▸ WORK INSTRUCTIONS
Repeat nothing but the lines below running from the one containing "# ---- lights" to the one containing "light_lamp.use_absolute_resolution = True". Keep both end lines.

EXERCISE INPUTS Block Start

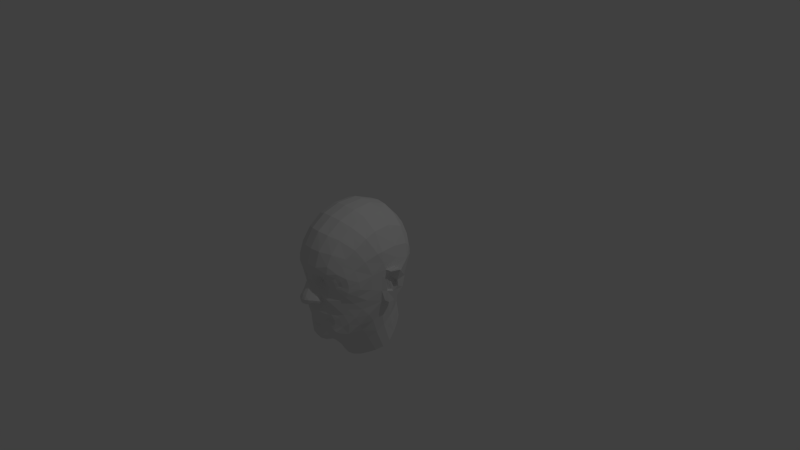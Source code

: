 # Source: faceLowPolyEyesFill.blend  (saved by Blender 2.76.0; exported with 4.5.12 LTS)
import bpy
from mathutils import Matrix  # noqa: F401  (used for matrix-valued properties, if any)

bpy.ops.wm.read_factory_settings(use_empty=True)
scene = bpy.context.scene
scene.name = 'Scene'

# ---- collections
col_collection_1 = bpy.data.collections.new('Collection 1'); scene.collection.children.link(col_collection_1)

# ---- materials (node trees are filled in below, after node groups)
mat_defaultmat = bpy.data.materials.new('defaultMat')
mat_defaultmat.alpha_threshold = 0.0
mat_defaultmat.use_transparent_shadow = False
mat_defaultmat.roughness = 0.5

# ---- material node trees

# ---- world
world_world = bpy.data.worlds.new('World'); scene.world = world_world
world_world.color = (0.05088, 0.05088, 0.05088)
world_world.use_sun_shadow = False
world_world.sun_shadow_jitter_overblur = 0.0
world_world.cycles.sampling_method = 'MANUAL'
world_world.cycles.sample_map_resolution = 256

# ---- cameras
cam_camera = bpy.data.cameras.new('Camera')
cam_camera.clip_end = 100.0
cam_camera.lens = 35.0
cam_camera.sensor_width = 32.0
cam_camera.sensor_height = 18.0
cam_camera.ortho_scale = 7.314
cam_camera.dof.focus_distance = 0.0
cam_camera.dof.aperture_fstop = 128.0

# ---- lights
light_lamp = bpy.data.lights.new('Lamp', 'POINT')
light_lamp.transmission_factor = 0.0
light_lamp.cutoff_distance = 30.0
light_lamp.energy = 100.0
light_lamp.shadow_buffer_clip_start = 1.001
light_lamp.shadow_soft_size = 0.1
light_lamp.shadow_maximum_resolution = 0.006
light_lamp.use_absolute_resolution = True
light_lamp.cycles.use_multiple_importance_sampling = False

# ---- meshes
me_group1 = bpy.data.meshes.new('Group1')
me_group1.from_pydata([(0.1432, -0.9255, 0.001601), (0.1244, -0.9138, 0.0311), (0.1714, -0.9269, -0.017), (0.096, -0.97, -0.04), (0.1399, -0.9636, -0.0981), (0.1498, -0.9372, -0.0706), (0.1213, -0.9366, -0.0244), (0.2249, -0.9221, -0.036), (0.2238, -0.9245, -0.162), (0.2206, -0.9163, -0.1232), (0.3288, -0.8402, -0.2027), (0.307, -0.8598, -0.136), (0.3321, -0.8683, -0.002899), (0.3124, -0.8846, -0.0245), (0.1293, -0.9244, 0.0491), (0.094, -0.9327, 0.0319), (0.0965, -0.943, 0.0627), (0.0744, -0.9909, 0.0754), (0.0722, -0.983, 0.0403), (0.2405, -0.8859, -0.3757), (0.2818, -0.883, -0.3037), (0.2164, -0.9424, -0.2114), (0.1882, -0.9313, -0.2836), (0.0456, -1.03, 0.0913), (0.0394, -1.036, 0.0391), (0.2566, -0.9768, 0.187), (0.2621, -0.9636, 0.2875), (0.128, -1.039, 0.2578), (0.1681, -1.014, 0.157), (0.2507, -0.9551, 0.1357), (0.1782, -0.9769, 0.12), (0.1898, -0.956, 0.0822), (0.2452, -0.9509, 0.0935), (0.3464, -0.8922, 0.191), (0.3719, -0.8288, 0.2848), (0.3254, -0.9038, 0.1318), (0.4808, -0.6653, 0.0467), (0.4499, -0.6984, 0.2039), (0.4148, -0.8016, 0.1169), (0.4234, -0.7825, 0.0346), (0.3646, -0.8542, 0.0833), (0.3732, -0.8329, 0.0264), (0.3099, -0.9158, 0.0852), (0.3355, -0.8786, 0.0547), (0.4227, -0.778, -0.0221), (0.4856, -0.653, -0.058), (0.3687, -0.8338, -0.003399), (0.335, -0.8624, 0.0129), (0.3392, -0.8591, 0.0268), (0.281, -0.9028, -0.0417), (0.2853, -0.8346, -0.4743), (0.3251, -0.7975, -0.4218), (0.1378, -0.9813, -0.1295), (0.096, -1.012, -0.0867), (0.0732, -1.054, 0.1824), (6.828e-08, -1.052, 0.2711), (7.562e-08, -1.057, 0.1918), (0.1318, -0.9742, 0.4475), (4.687e-08, -0.9901, 0.4539), (0.2708, -0.8996, 0.4312), (0.3869, -0.7739, 0.3638), (0.537, -0.4906, 0.0954), (0.4989, -0.5688, 0.2937), (0.4241, -0.6624, 0.462), (0.3467, -0.8463, -0.0878), (0.3656, -0.8368, -0.0368), (0.3874, -0.8002, -0.1496), (0.4149, -0.7865, -0.0839), (9.393e-08, -1.077, 0.002401), (0.0404, -1.069, -0.005299), (8.761e-08, -1.045, 0.0433), (0.122, -1.01, 0.1277), (0.0513, -1.046, 0.1342), (7.961e-08, -1.051, 0.1406), (8.228e-08, -1.04, 0.0988), (0.1106, -0.9593, 0.0893), (0.1335, -0.9698, 0.1037), (0.0979, -0.9996, 0.1075), (0.1394, -0.9389, 0.0605), (0.1567, -0.9492, 0.0694), (0.3673, -0.7509, -0.3475), (0.1282, -0.9771, -0.1784), (0.1186, -0.9919, -0.1643), (0.5226, -0.5111, -0.1024), (0.2808, -0.7729, 0.5781), (0.1456, -0.8407, 0.6216), (0.3161, -0.7246, -0.7396), (0.2713, -0.8052, -0.7204), (0.1828, -0.8344, -0.7991), (0.1894, -0.7591, -0.8415), (0.2979, -0.8001, -0.6131), (0.2459, -0.8603, -0.6856), (0.1522, -0.6467, 0.7536), (-9.137e-09, -0.6649, 0.7694), (2.005e-08, -0.866, 0.6366), (0.0666, -1.029, -0.0251), (0.0698, -1.055, -0.0645), (1.006e-07, -1.103, -0.0473), (0.0375, -1.094, -0.0514), (0.075, -1.1, -0.126), (0.0976, -1.05, -0.1383), (1.115e-07, -1.153, -0.1229), (0.043, -1.142, -0.1231), (0.0828, -0.9603, -0.7627), (0.0653, -0.9597, -0.6812), (1.448e-07, -0.9744, -0.6814), (1.528e-07, -0.9812, -0.7665), (1.548e-07, -0.9201, -0.851), (0.0903, -0.9044, -0.8368), (0.1661, -0.9099, -0.7304), (0.1357, -0.9288, -0.6685), (0.1735, -0.9472, -0.3498), (0.137, -0.9595, -0.2442), (0.1164, -0.9743, -0.2849), (0.2215, -0.9083, -0.4227), (0.417, -0.6988, -0.2636), (0.4586, -0.6708, -0.1609), (0.2436, -0.8774, -0.4959), (0.2395, -0.8679, -0.5632), (0.1223, -0.991, -0.3878), (0.1226, -0.9814, -0.3328), (0.0763, -1.006, -0.3252), (0.0778, -1.012, -0.3786), (0.2182, -0.8836, -0.6502), (0.3545, -0.7443, -0.563), (0.4056, -0.6797, -0.4818), (0.4551, -0.6085, -0.3674), (0.4965, -0.5613, -0.2423), (0.3969, -0.6024, -0.6186), (0.469, -0.507, -0.4848), (0.5307, -0.3511, -0.3238), (0.2957, -0.5932, 0.6928), (0.5436, -0.404, 0.3613), (0.4467, -0.5011, 0.5641), (0.1496, -0.4227, 0.8213), (-3.479e-08, -0.4408, 0.8387), (0.2925, -0.3864, 0.7572), (0.4472, -0.3615, 0.6156), (0.1622, -0.9605, -0.4084), (0.0379, -1.015, -0.4202), (0.0369, -1.021, -0.3715), (1.212e-07, -1.016, -0.37), (1.26e-07, -1.014, -0.4272), (0.2048, -0.9157, -0.4474), (0.2185, -0.8859, -0.4981), (0.2094, -0.8762, -0.546), (0.1725, -0.9086, -0.5545), (0.1942, -0.897, -0.6036), (0.111, -0.9583, -0.5645), (0.1244, -0.9435, -0.6149), (0.0501, -0.9789, -0.5633), (0.0582, -0.9523, -0.6227), (1.351e-07, -0.9787, -0.5662), (1.381e-07, -0.9559, -0.6238), (0.0814, -1.135, -0.177), (0.1032, -1.09, -0.1886), (0.0375, -1.158, -0.2332), (0.0428, -1.168, -0.1721), (1.178e-07, -1.176, -0.1722), (1.224e-07, -1.163, -0.2374), (0.0686, -1.128, -0.2285), (0.0922, -1.092, -0.2238), (0.1201, -1.033, -0.2404), (0.1302, -1.036, -0.2088), (0.0372, -1.024, -0.3218), (1.177e-07, -1.028, -0.3187), (0.0759, -1.008, -0.4126), (0.1176, -0.9882, -0.4194), (0.1541, -0.9576, -0.4371), (0.1751, -0.8975, -0.5089), (0.1417, -0.9294, -0.5137), (0.1034, -0.9634, -0.5212), (0.0495, -0.9875, -0.5274), (1.332e-07, -0.9916, -0.5315), (0.5535, -0.3417, 0.3708), (0.2681, 0.1056, 0.6519), (0.246, 0.2756, 0.4541), (0.1224, 0.296, 0.5072), (0.1262, 0.09741, 0.7244), (1.176e-07, -1.049, -0.2965), (0.039, -1.03, -0.2945), (0.0279, -1.106, -0.268), (1.214e-07, -1.116, -0.2729), (0.0864, -0.7931, -0.883), (1.482e-07, -0.7969, -0.8983), (0.0764, -0.6777, -0.9794), (1.467e-07, -0.6866, -0.9917), (0.1783, -0.6514, -0.9238), (0.2646, -0.5984, -0.856), (0.0782, -0.5657, -1.106), (1.484e-07, -0.5892, -1.108), (1.543e-07, -0.4835, -1.281), (0.0961, -0.4754, -1.265), (0.176, -0.5441, -1.062), (0.1938, -0.4305, -1.236), (0.2526, -0.4798, -0.9987), (0.2712, -0.3705, -1.2), (0.334, -0.4184, -0.9254), (0.3483, -0.5286, -0.7585), (0.4083, -0.3389, -0.8355), (0.4397, -0.4165, -0.623), (0.4384, -0.2399, -0.7533), (0.4796, -0.3071, -0.5197), (0.4009, -0.2289, -1.118), (0.4233, -0.1364, -1.059), (0.342, -0.3057, -1.162), (0.0803, -0.997, -0.2933), (0.1037, -1.009, -0.2665), (0.0504, -1.11, -0.2503), (0.5666, -0.3379, 0.2256), (0.4104, 0.1004, 0.5174), (0.3781, 0.2312, 0.3543), (0.5024, 0.09111, 0.3153), (0.4657, 0.1754, 0.2447), (0.5528, -0.1334, 0.3817), (0.5754, -0.145, 0.2359), (0.5341, 0.08491, 0.1272), (0.4406, -0.1381, 0.6266), (0.2838, -0.1402, 0.765), (0.1298, -0.1636, 0.8323), (-5.906e-08, -0.1716, 0.8471), (-7.344e-08, 0.09821, 0.7418), (0.065, -1.107, -0.2405), (0.4448, 0.2134, 0.099), (0.5723, -0.3115, 0.1217), (0.5894, -0.1508, 0.1232), (0.5523, -0.3644, -0.1631), (0.5585, -0.3604, 0.0331), (0.5923, -0.2034, -0.3022), (0.6549, -0.1075, -0.1407), (0.6737, -0.1303, -0.1447), (0.6229, -0.2254, -0.3113), (0.5443, -0.1934, -0.2872), (0.5945, -0.1016, -0.135), (0.5894, -0.07389, 0.0355), (0.5565, -0.06899, -0.132), (0.491, 0.07271, -0.1238), (0.5134, -0.129, -0.2943), (0.6044, -0.2985, 0.1233), (0.6394, -0.1922, 0.1467), (0.5775, -0.3166, 0.0155), (0.64, -0.2993, 0.1239), (0.6799, -0.1885, 0.1403), (0.5733, -0.2957, -0.1832), (0.57, -0.3312, -0.3042), (0.6, -0.2884, -0.336), (0.6138, -0.2303, -0.1899), (0.6439, -0.1858, -0.0396), (0.6489, -0.1832, -0.1207), (0.6795, -0.09589, 0.0101), (0.5855, -0.2255, -0.1785), (0.5589, -0.2686, -0.1689), (0.5843, -0.3032, 0.0186), (0.588, -0.1634, -0.0613), (0.5874, -0.1758, -0.1062), (0.6232, -0.09829, 0.0241), (0.6583, -0.08949, 0.0149), (0.6937, -0.1824, 0.1215), (0.597, -0.2413, 0.0248), (0.6437, -0.295, 0.1167), (0.5754, -0.2431, 0.001001), (0.5757, -0.2457, -0.0673), (0.5733, -0.262, -0.0557), (0.5615, -0.2743, -0.3351), (0.4313, 0.03201, -0.2959), (0.3097, 0.2974, -0.049), (0.3661, 0.2896, 0.1222), (0.3823, 0.2191, -0.1024), (0.2114, 0.3694, 0.0457), (0.2323, 0.3631, 0.1795), (0.118, 0.3942, 0.0236), (0.1142, 0.3968, 0.2112), (0.3278, 0.1883, -0.2725), (0.1845, 0.2867, -0.2459), (0.3901, 0.01871, -0.4475), (0.2647, 0.1523, -0.4896), (-3.605e-08, 0.4031, 0.009201), (-5.467e-08, 0.4076, 0.2177), (0.5327, -0.2681, -0.3242), (0.1226, 0.2341, -0.4968), (0.4632, -0.1865, -0.4405), (0.4121, -0.1123, -0.6943), (0.3887, -0.02289, -0.9841), (-5.483e-09, 0.3129, -0.2502), (-7.243e-08, 0.3029, 0.5256), (0.3418, 0.04211, -0.645), (0.3322, 0.08871, -0.9155), (0.2546, 0.1532, -0.6601), (0.1279, 0.2345, -0.6692), (2.2e-08, 0.256, -0.5077), (3.582e-08, 0.2633, -0.6731), (0.2624, 0.1801, -0.881), (0.1323, 0.2576, -0.8592), (5.026e-08, 0.2795, -0.8544), (-0.1432, -0.9255, 0.001601), (-0.1244, -0.9138, 0.0311), (-0.1714, -0.9269, -0.017), (-0.096, -0.97, -0.04), (-0.1213, -0.9366, -0.0244), (-0.1498, -0.9372, -0.0706), (-0.1399, -0.9636, -0.0981), (-0.2249, -0.9221, -0.036), (-0.2206, -0.9163, -0.1232), (-0.2238, -0.9245, -0.162), (-0.307, -0.8598, -0.136), (-0.3288, -0.8402, -0.2027), (-0.3321, -0.8683, -0.002899), (-0.3124, -0.8846, -0.0245), (-0.1293, -0.9244, 0.0491), (-0.094, -0.9327, 0.0319), (-0.0722, -0.983, 0.0403), (-0.0744, -0.9909, 0.0754), (-0.0965, -0.943, 0.0627), (-0.2405, -0.8859, -0.3757), (-0.1882, -0.9313, -0.2836), (-0.2164, -0.9424, -0.2114), (-0.2818, -0.883, -0.3037), (-0.0394, -1.036, 0.0391), (-0.0456, -1.03, 0.0913), (-0.2566, -0.9768, 0.187), (-0.1681, -1.014, 0.157), (-0.128, -1.039, 0.2578), (-0.2621, -0.9636, 0.2875), (-0.2507, -0.9551, 0.1357), (-0.1782, -0.9769, 0.12), (-0.1898, -0.956, 0.0822), (-0.2452, -0.9509, 0.0935), (-0.3464, -0.8922, 0.191), (-0.3719, -0.8288, 0.2848), (-0.3254, -0.9038, 0.1318), (-0.4808, -0.6653, 0.0467), (-0.4234, -0.7825, 0.0346), (-0.4148, -0.8016, 0.1169), (-0.4499, -0.6984, 0.2039), (-0.3732, -0.8329, 0.0264), (-0.3646, -0.8542, 0.0833), (-0.3099, -0.9158, 0.0852), (-0.3355, -0.8786, 0.0547), (-0.4856, -0.653, -0.058), (-0.4227, -0.778, -0.0221), (-0.3687, -0.8338, -0.003399), (-0.3392, -0.8591, 0.0268), (-0.335, -0.8624, 0.0129), (-0.281, -0.9028, -0.0417), (-0.2853, -0.8346, -0.4743), (-0.3251, -0.7975, -0.4218), (-0.1378, -0.9813, -0.1295), (-0.096, -1.012, -0.0867), (-0.0732, -1.054, 0.1824), (-0.1318, -0.9742, 0.4475), (-0.2708, -0.8996, 0.4312), (-0.3869, -0.7739, 0.3638), (-0.537, -0.4906, 0.0954), (-0.4989, -0.5688, 0.2937), (-0.4241, -0.6624, 0.462), (-0.3467, -0.8463, -0.0878), (-0.3656, -0.8368, -0.0368), (-0.3874, -0.8002, -0.1496), (-0.4149, -0.7865, -0.0839), (-0.0404, -1.069, -0.005299), (-0.122, -1.01, 0.1277), (-0.0513, -1.046, 0.1342), (-0.1106, -0.9593, 0.0893), (-0.0979, -0.9996, 0.1075), (-0.1335, -0.9698, 0.1037), (-0.1394, -0.9389, 0.0605), (-0.1567, -0.9492, 0.0694), (-0.3673, -0.7509, -0.3475), (-0.1282, -0.9771, -0.1784), (-0.1186, -0.9919, -0.1643), (-0.5226, -0.5111, -0.1024), (-0.2808, -0.7729, 0.5781), (-0.1456, -0.8407, 0.6216), (-0.3161, -0.7246, -0.7396), (-0.1894, -0.7591, -0.8415), (-0.1828, -0.8344, -0.7991), (-0.2713, -0.8052, -0.7204), (-0.2979, -0.8001, -0.6131), (-0.2459, -0.8603, -0.6856), (-0.1522, -0.6467, 0.7536), (-0.0666, -1.029, -0.0251), (-0.0698, -1.055, -0.0645), (-0.0375, -1.094, -0.0514), (-0.0976, -1.05, -0.1383), (-0.075, -1.1, -0.126), (-0.043, -1.142, -0.1231), (-0.0828, -0.9603, -0.7627), (-0.0653, -0.9597, -0.6812), (-0.0903, -0.9044, -0.8368), (-0.1661, -0.9099, -0.7304), (-0.1357, -0.9288, -0.6685), (-0.1735, -0.9472, -0.3498), (-0.1164, -0.9743, -0.2849), (-0.137, -0.9595, -0.2442), (-0.2215, -0.9083, -0.4227), (-0.417, -0.6988, -0.2636), (-0.4586, -0.6708, -0.1609), (-0.2436, -0.8774, -0.4959), (-0.2395, -0.8679, -0.5632), (-0.1223, -0.991, -0.3878), (-0.0778, -1.012, -0.3786), (-0.0763, -1.006, -0.3252), (-0.1226, -0.9814, -0.3328), (-0.2182, -0.8836, -0.6502), (-0.3545, -0.7443, -0.563), (-0.4056, -0.6797, -0.4818), (-0.4551, -0.6085, -0.3674), (-0.4965, -0.5613, -0.2423), (-0.3969, -0.6024, -0.6186), (-0.469, -0.507, -0.4848), (-0.5307, -0.3511, -0.3238), (-0.2957, -0.5932, 0.6928), (-0.4467, -0.5011, 0.5641), (-0.5436, -0.404, 0.3613), (-0.1496, -0.4227, 0.8213), (-0.2925, -0.3864, 0.7572), (-0.4472, -0.3615, 0.6156), (-0.1622, -0.9605, -0.4084), (-0.0379, -1.015, -0.4202), (-0.0369, -1.021, -0.3715), (-0.2048, -0.9157, -0.4474), (-0.2185, -0.8859, -0.4981), (-0.2094, -0.8762, -0.546), (-0.1942, -0.897, -0.6036), (-0.1725, -0.9086, -0.5545), (-0.1244, -0.9435, -0.6149), (-0.111, -0.9583, -0.5645), (-0.0582, -0.9523, -0.6227), (-0.0501, -0.9789, -0.5633), (-0.1032, -1.09, -0.1886), (-0.0814, -1.135, -0.177), (-0.0375, -1.158, -0.2332), (-0.0428, -1.168, -0.1721), (-0.0922, -1.092, -0.2238), (-0.0686, -1.128, -0.2285), (-0.1302, -1.036, -0.2088), (-0.1201, -1.033, -0.2404), (-0.0372, -1.024, -0.3218), (-0.0759, -1.008, -0.4126), (-0.1176, -0.9882, -0.4194), (-0.1541, -0.9576, -0.4371), (-0.1807, -0.9164, -0.4668), (-0.1911, -0.8873, -0.492), (-0.1751, -0.8975, -0.5089), (-0.1417, -0.9294, -0.5137), (-0.1034, -0.9634, -0.5212), (-0.0495, -0.9875, -0.5274), (-0.5535, -0.3417, 0.3708), (-0.2681, 0.1056, 0.6519), (-0.1262, 0.09741, 0.7244), (-0.1224, 0.296, 0.5072), (-0.246, 0.2756, 0.4541), (-0.0279, -1.106, -0.268), (-0.039, -1.03, -0.2945), (-0.0864, -0.7931, -0.883), (-0.0764, -0.6777, -0.9794), (-0.1783, -0.6514, -0.9238), (-0.2646, -0.5984, -0.856), (-0.0782, -0.5657, -1.106), (-0.0961, -0.4754, -1.265), (-0.176, -0.5441, -1.062), (-0.1938, -0.4305, -1.236), (-0.2526, -0.4798, -0.9987), (-0.2712, -0.3705, -1.2), (-0.334, -0.4184, -0.9254), (-0.3483, -0.5286, -0.7585), (-0.4083, -0.3389, -0.8355), (-0.4397, -0.4165, -0.623), (-0.4796, -0.3071, -0.5197), (-0.4384, -0.2399, -0.7533), (-0.4009, -0.2289, -1.118), (-0.4233, -0.1364, -1.059), (-0.342, -0.3057, -1.162), (-0.0803, -0.997, -0.2933), (-0.5666, -0.3379, 0.2256), (-0.4104, 0.1004, 0.5174), (-0.3781, 0.2312, 0.3543), (-0.5024, 0.09111, 0.3153), (-0.4657, 0.1754, 0.2447), (-0.5341, 0.08491, 0.1272), (-0.5754, -0.145, 0.2359), (-0.5528, -0.1334, 0.3817), (-0.4406, -0.1381, 0.6266), (-0.2838, -0.1402, 0.765), (-0.1298, -0.1636, 0.8323), (-0.4448, 0.2134, 0.099), (-0.5894, -0.1508, 0.1232), (-0.5723, -0.3115, 0.1217), (-0.5523, -0.3644, -0.1631), (-0.5585, -0.3604, 0.0331), (-0.5923, -0.2034, -0.3022), (-0.6229, -0.2254, -0.3113), (-0.6737, -0.1303, -0.1447), (-0.6549, -0.1075, -0.1407), (-0.5443, -0.1934, -0.2872), (-0.5945, -0.1016, -0.135), (-0.5894, -0.07389, 0.0355), (-0.491, 0.07271, -0.1238), (-0.5565, -0.06899, -0.132), (-0.5134, -0.129, -0.2943), (-0.6394, -0.1922, 0.1467), (-0.6044, -0.2985, 0.1233), (-0.5775, -0.3166, 0.0155), (-0.64, -0.2993, 0.1239), (-0.6799, -0.1885, 0.1403), (-0.5733, -0.2957, -0.1832), (-0.57, -0.3312, -0.3042), (-0.6, -0.2884, -0.336), (-0.6138, -0.2303, -0.1899), (-0.6439, -0.1858, -0.0396), (-0.6795, -0.09589, 0.0101), (-0.6489, -0.1832, -0.1207), (-0.5589, -0.2686, -0.1689), (-0.5855, -0.2255, -0.1785), (-0.5843, -0.3032, 0.0186), (-0.588, -0.1634, -0.0613), (-0.5874, -0.1758, -0.1062), (-0.6232, -0.09829, 0.0241), (-0.6583, -0.08949, 0.0149), (-0.597, -0.2413, 0.0248), (-0.6937, -0.1824, 0.1215), (-0.6437, -0.295, 0.1167), (-0.5754, -0.2431, 0.001001), (-0.5757, -0.2457, -0.0673), (-0.5733, -0.262, -0.0557), (-0.5615, -0.2743, -0.3351), (-0.4313, 0.03201, -0.2959), (-0.3097, 0.2974, -0.049), (-0.3823, 0.2191, -0.1024), (-0.3661, 0.2896, 0.1222), (-0.2114, 0.3694, 0.0457), (-0.2323, 0.3631, 0.1795), (-0.118, 0.3942, 0.0236), (-0.1142, 0.3968, 0.2112), (-0.3278, 0.1883, -0.2725), (-0.1845, 0.2867, -0.2459), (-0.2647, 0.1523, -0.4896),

EXERCISE INPUTS Block End

▸ TASK OUTPUT
# ---- lights
light_lamp = bpy.data.lights.new('Lamp', 'POINT')
light_lamp.transmission_factor = 0.0
light_lamp.cutoff_distance = 30.0
light_lamp.energy = 100.0
light_lamp.shadow_buffer_clip_start = 1.001
light_lamp.shadow_soft_size = 0.1
light_lamp.shadow_maximum_resolution = 0.006
light_lamp.use_absolute_resolution = True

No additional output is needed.